Wei Dai comments on Relitigating the Race to Build Friendly AI

Wei Dai 6 Dec 2025 2:02 UTC
LW: 3 AF: 3
1
AF

I think no one should build AGI. If someone is going to build AGI anyway, then it might be correct to make AGI yourself first, if you have a way to make actually aligned (hopefully task-ish or something).

If Eliezer or MIRI as a whole had said something like this, especially the first part “I think no one should build AGI.” while pursuing their plans, I would be more tempted to give them a pass. But I don’t recall them saying this, and a couple of AIs I asked couldn’t find any such statements (until after their latest pivot).

Also I wouldn’t actually endorse this statement, because because it doesn’t take into account human tendency/bias to think of oneself as good/careful and others as evil/reckless.

I’m still not sure where you’re getting this?

Eliezer claiming to have solved metaethics. Saying that he wouldn’t “flinch from” trying to solve all philosophical problems related to FAI by himself. (man, it took me 30-60 minutes to find this link) Being overconfident on other philosophical positions like altruism and identity.

If there was (by great surprise) some amazing pile of insights that made a safe Task-AGI seem feasible, and that stood up to comprehensive scrutiny (somehow), then it would plausibly be a good plan to actually do.

I would be more ok with this (but still worried about unknown unknowns) if “comprehensive scrutiny” meant scrutiny by thousands of world-class researchers over years/decades with appropriate institutional design to help mitigate human biases (e.g., something like academic cryptography research + NIST’s open/public standardization process for crypto algorithms).
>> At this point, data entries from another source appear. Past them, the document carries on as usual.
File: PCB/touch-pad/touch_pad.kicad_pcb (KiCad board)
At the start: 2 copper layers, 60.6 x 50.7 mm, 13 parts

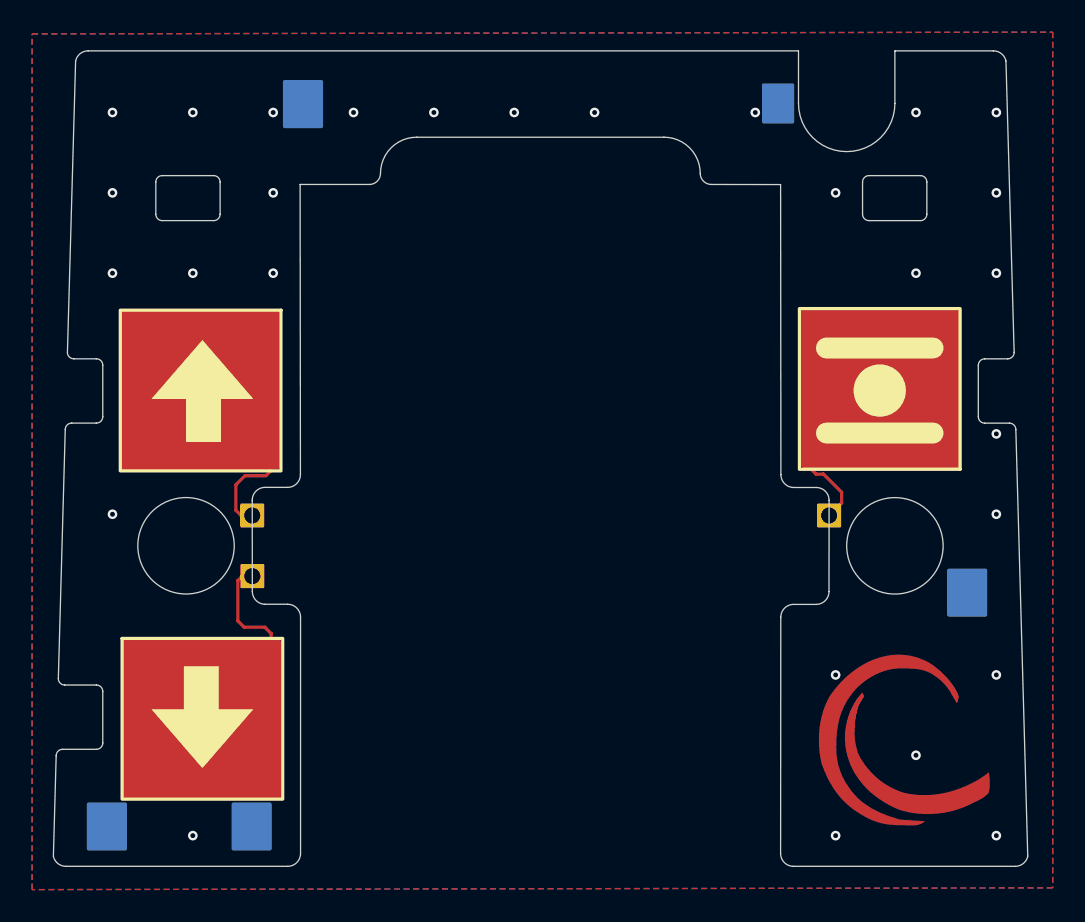
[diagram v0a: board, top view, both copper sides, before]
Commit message: Import v2.0 development state from Bitbucket branch v2.0
Overlay of the v2.0 design work onto the restructured PCB/ layout:
- airgradient-go-main v2.0 WIP: 186 footprints, microSD, PS1-CO,
  Birdy schematic review fixes; adds v2.0 BOM CSVs
- touch-pad v2.0: T1-T3 pads wired to touch controller CS channels,
  +3.1V rail renamed to VCC
- scd4x-module: minor updates
- libraries: new parts (SPL07-003, BM05B-SRSS-TB, PS1-CO, battery
  holder, ESP32-C5 models) and updated footprints; all library and
  3D model references normalized to ${KIPRJMOD}-relative paths
- led_pcb board was dropped in v2.0 (never migrated)

Known open items carried over from review: U14 VDD_IO not yet
connected to the 3.1V rail; U19 (LM66200) still fitted.
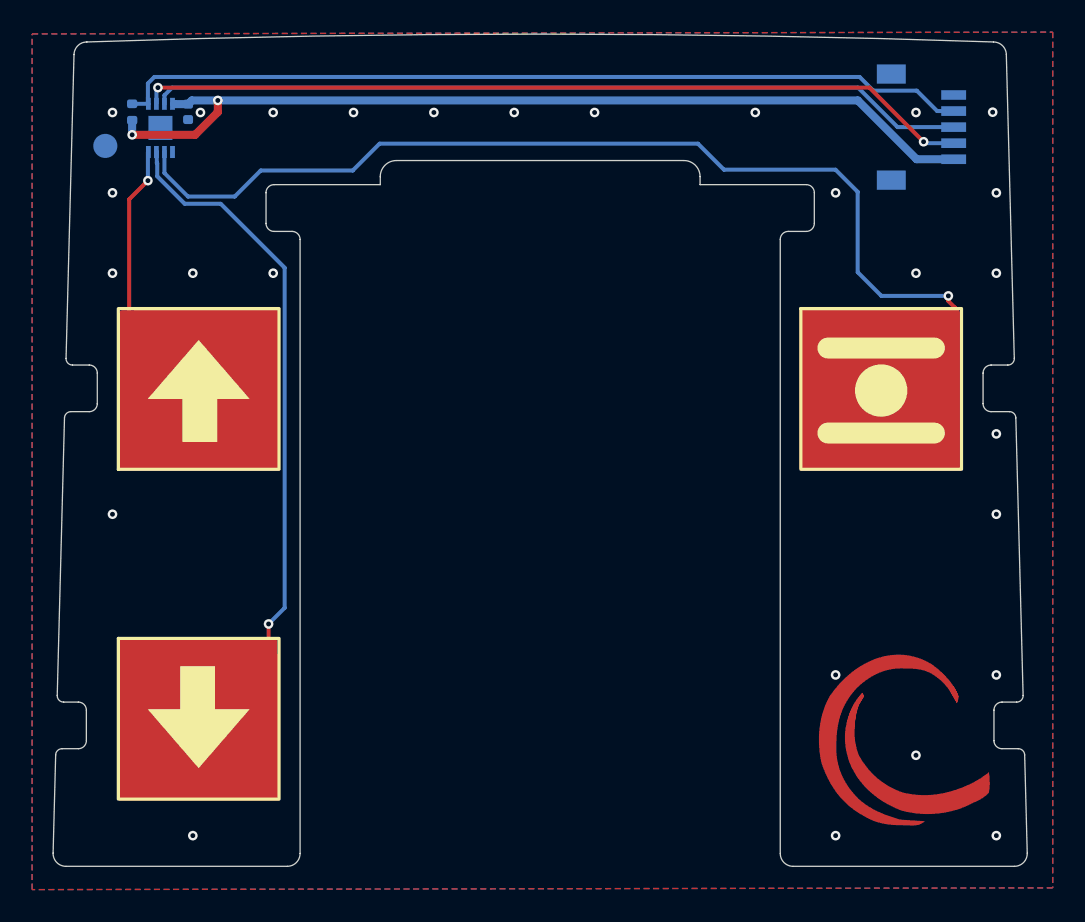
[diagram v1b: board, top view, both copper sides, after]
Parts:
- removed ? (x8): , 
- added C42: 0.1uF/25V, Capacitor_SMD:C_0402_1005Metric, B.Cu at (29.6, 25.2)
- added CN1: SM05B-SRSS-TB (LF)(SN), easyeda2kicad-oaf:CONN-SMD_SM05B-SRSS-TB-LF-SN, B.Cu at (75.3, 26.1)
- added R38: 100K, Resistor_SMD:R_0402_1005Metric, B.Cu at (26.1, 25.2)
- added TP1: TestPoint, TestPoint:TestPoint_Pad_D1.5mm, B.Cu at (24.4, 27.3)
- added U11: CAP1203-1-AC3-TR, easyeda2kicad-oaf:TDFN-8_L3.0-W2.0-P0.50-BL-EP, B.Cu at (27.9, 26.2)
- T1, T2, T3: footprint Library:tourch_pad -> Library-oaf:tourch_pad
- moved T1 0.34 mm to (30.1, 42.4), turned to 90 degrees
- moved T2 0.23 mm to (30.2, 62.8)
- moved T3 0.22 mm to (72.7, 42.3), turned to 0 degrees
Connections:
- T1 pad 1: unconnected-(T1-Pad1) -> Net-(U11-CS1)
- T2 pad 1: unconnected-(T2-Pad1) -> Net-(U11-CS2)
- T3 pad 1: unconnected-(T3-Pad1) -> Net-(U11-CS3)
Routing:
- net Net-(U11-CS3): track 0.00 -> 60.2 mm, vias 0 -> 1
- net VCC: track 0.00 -> 57.7 mm, vias 0 -> 2
- net /INT: track 0.00 -> 53.5 mm
- net /SDA: track 0.00 -> 52.0 mm, vias 0 -> 2
- net /SCL: track 0.00 -> 50.9 mm
- net Net-(U11-CS2): track 0.00 -> 36.0 mm, vias 0 -> 1
- net Net-(U11-CS1): track 0.00 -> 11.0 mm, vias 0 -> 1
- net unconnected-(T2-Pad1): track 6.96 -> 0.00 mm
- net unconnected-(T1-Pad1): track 5.98 -> 0.00 mm
- net unconnected-(T3-Pad1): track 4.94 -> 0.00 mm
- net GND: vias 28 -> 27
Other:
- board size 60.6 x 50.7 mm -> 60.6 x 51.8 mm
- board text added: "AG-TOUCH-GO-v2.0"
- board text removed: "${REFERENCE}"
- board text removed: "AG-TOUCH-GO-v1.0"

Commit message: Create production files; switch touch pad connector to Hong Cheng
Mainboard:
- Export v2.0 production files (gerbers, BOM, positions) and 3D STEP model
- Add BOM.csv export

Touch pad:
- Change CN1 connector manufacturer from JST to Hong Cheng HCZZ0032-5 (same housing)
- Regenerate production files as v2.0 (BOM now includes full parts list)
- Add Hong Cheng connector symbol, footprint, and 3D model to easyeda2kicad library
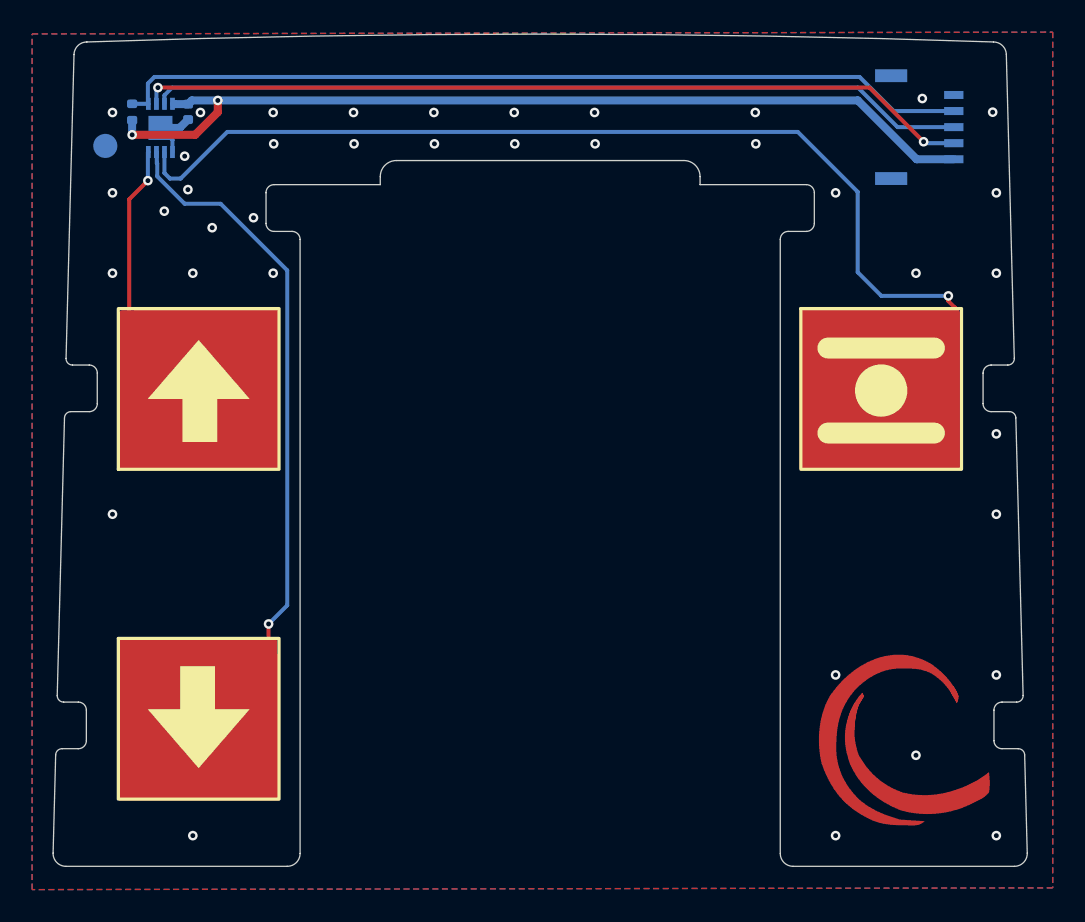
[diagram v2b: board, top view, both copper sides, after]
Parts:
- CN1: value SM05B-SRSS-TB (LF)(SN) -> HCZZ0032-5; footprint easyeda2kicad-oaf:CONN-SMD_SM05B-SRSS-TB-LF-SN -> easyeda2kicad-oaf:CONN-SMD_HCZZ0032-5
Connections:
- U11 pad 9: unconnected-(U11-EP-Pad9) -> GND
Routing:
- net GND: track 0.00 -> 3.75 mm, vias 27 -> 38

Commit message: touch-pad: add logo artwork
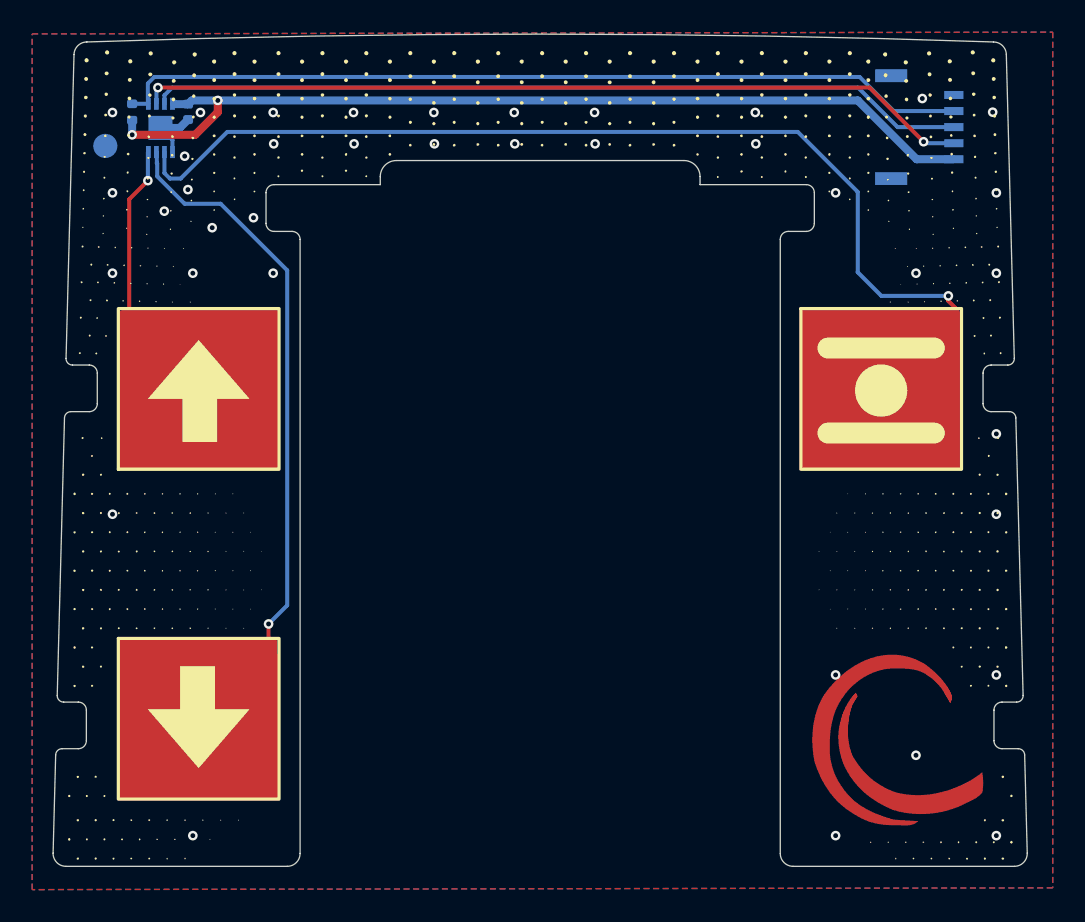
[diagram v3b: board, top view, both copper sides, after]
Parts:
- added G***: LOGO, LOGO, F.Cu at (51.4, 46.6)

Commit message: touch-pad v2.1: revision and silkscreen to v2.1, add v2.1 production files
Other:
- board text added: "AG-TOUCH-GO-v2.1"
- board text removed: "AG-TOUCH-GO-v2.0"
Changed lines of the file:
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@@
 		(title "Touch_sensor")
 		(date "2026-05-13")
-		(rev "v2.0")
+		(rev "v2.1")
 		(company "Airgradient")
 		(comment 1 "CC-BY-SA")
@@
 		(layer "Edge.Cuts")
 	)
-	(gr_text "AG-TOUCH-GO-v2.0"
+	(gr_text "AG-TOUCH-GO-v2.1"
 		(at 79.715464 70.847225 0)
 		(layer "B.SilkS")

But nothing like this was part of MIRI’s plans, and couldn’t be because of the need for speed and secrecy.
- TsviBT 6 Dec 2025 5:06 UTC
  LW: 2 AF: 1
  0
  AF Parent
  Ok. I think I might bow out for now unless there’s something especially salient that I should look at, but by way of a bit of summary: I think we agree that Yudkowsky was somewhat overconfident about solving FAI, and that there’s a super high bar that should be met before making an AGI, and no one knows how to meet that bar; my guess would be that we disagree about
  1. the degree to which he was overconfident,
  2. how high a bar would have to be met before making an AGI, in desperate straits.
  - Wei Dai 6 Dec 2025 5:42 UTC
    LW: 3 AF: 3
    1
    AF Parent
    Definitely read the second link if you haven’t already (it’s very short and salient), but otherwise, sure.
    - TsviBT 6 Dec 2025 5:45 UTC
      LW: 2 AF: 1
      0
      AF Parent
      (I did read that one; it’s interesting but basically in line with how I think he’s overconfident; it’s possible one or both of us is incorrectly reading in / not reading in to what he wrote there, about his absolute level of confidence in solving the philosophical problems involved.)
      - Wei Dai 6 Dec 2025 6:02 UTC
        LW: 3 AF: 3
        1
        AF Parent
        Hmm, did you also read my immediate reply to him, where I made the point “if you’re the only philosopher in the team, how will others catch your mistakes?” How to understand his (then) plan except that he would have been willing to push the “launch” button even if there were zero other similarly capable philosophers available to scrutinize his philosophical ideas?
        TsviBT 6 Dec 2025 6:56 UTC
        LW: 5 AF: 4
        3
        AF Parent
        (Also just recording that I appreciate the OP and these threads, and people finding historical info. I think the topic of how “we” have been going wrong on strategy is important. I’m participating because I’m interested, though my contributions may not be very helpful because
        
        I was a relative latecomer, in that much of the strategic direction (insofar as that existed) had already been fixed and followed;
        I didn’t especially think about strategy that much initially, so I didn’t have many mental hooks for tracking what was happening in the social milieu in terms of strategic thinking and actions.)
        TsviBT 6 Dec 2025 6:17 UTC
        LW: 3 AF: 1
        −1
        AF Parent
        (Oh I hadn’t read the full thread, now I have; still no big update? Like, I continue to see him being seemingly overconfident in his ability to get those solutions, but I’m not seeing “oh he would have mistakenly come to think he had a solution when he didn’t”, if that’s what you’re trying to say.)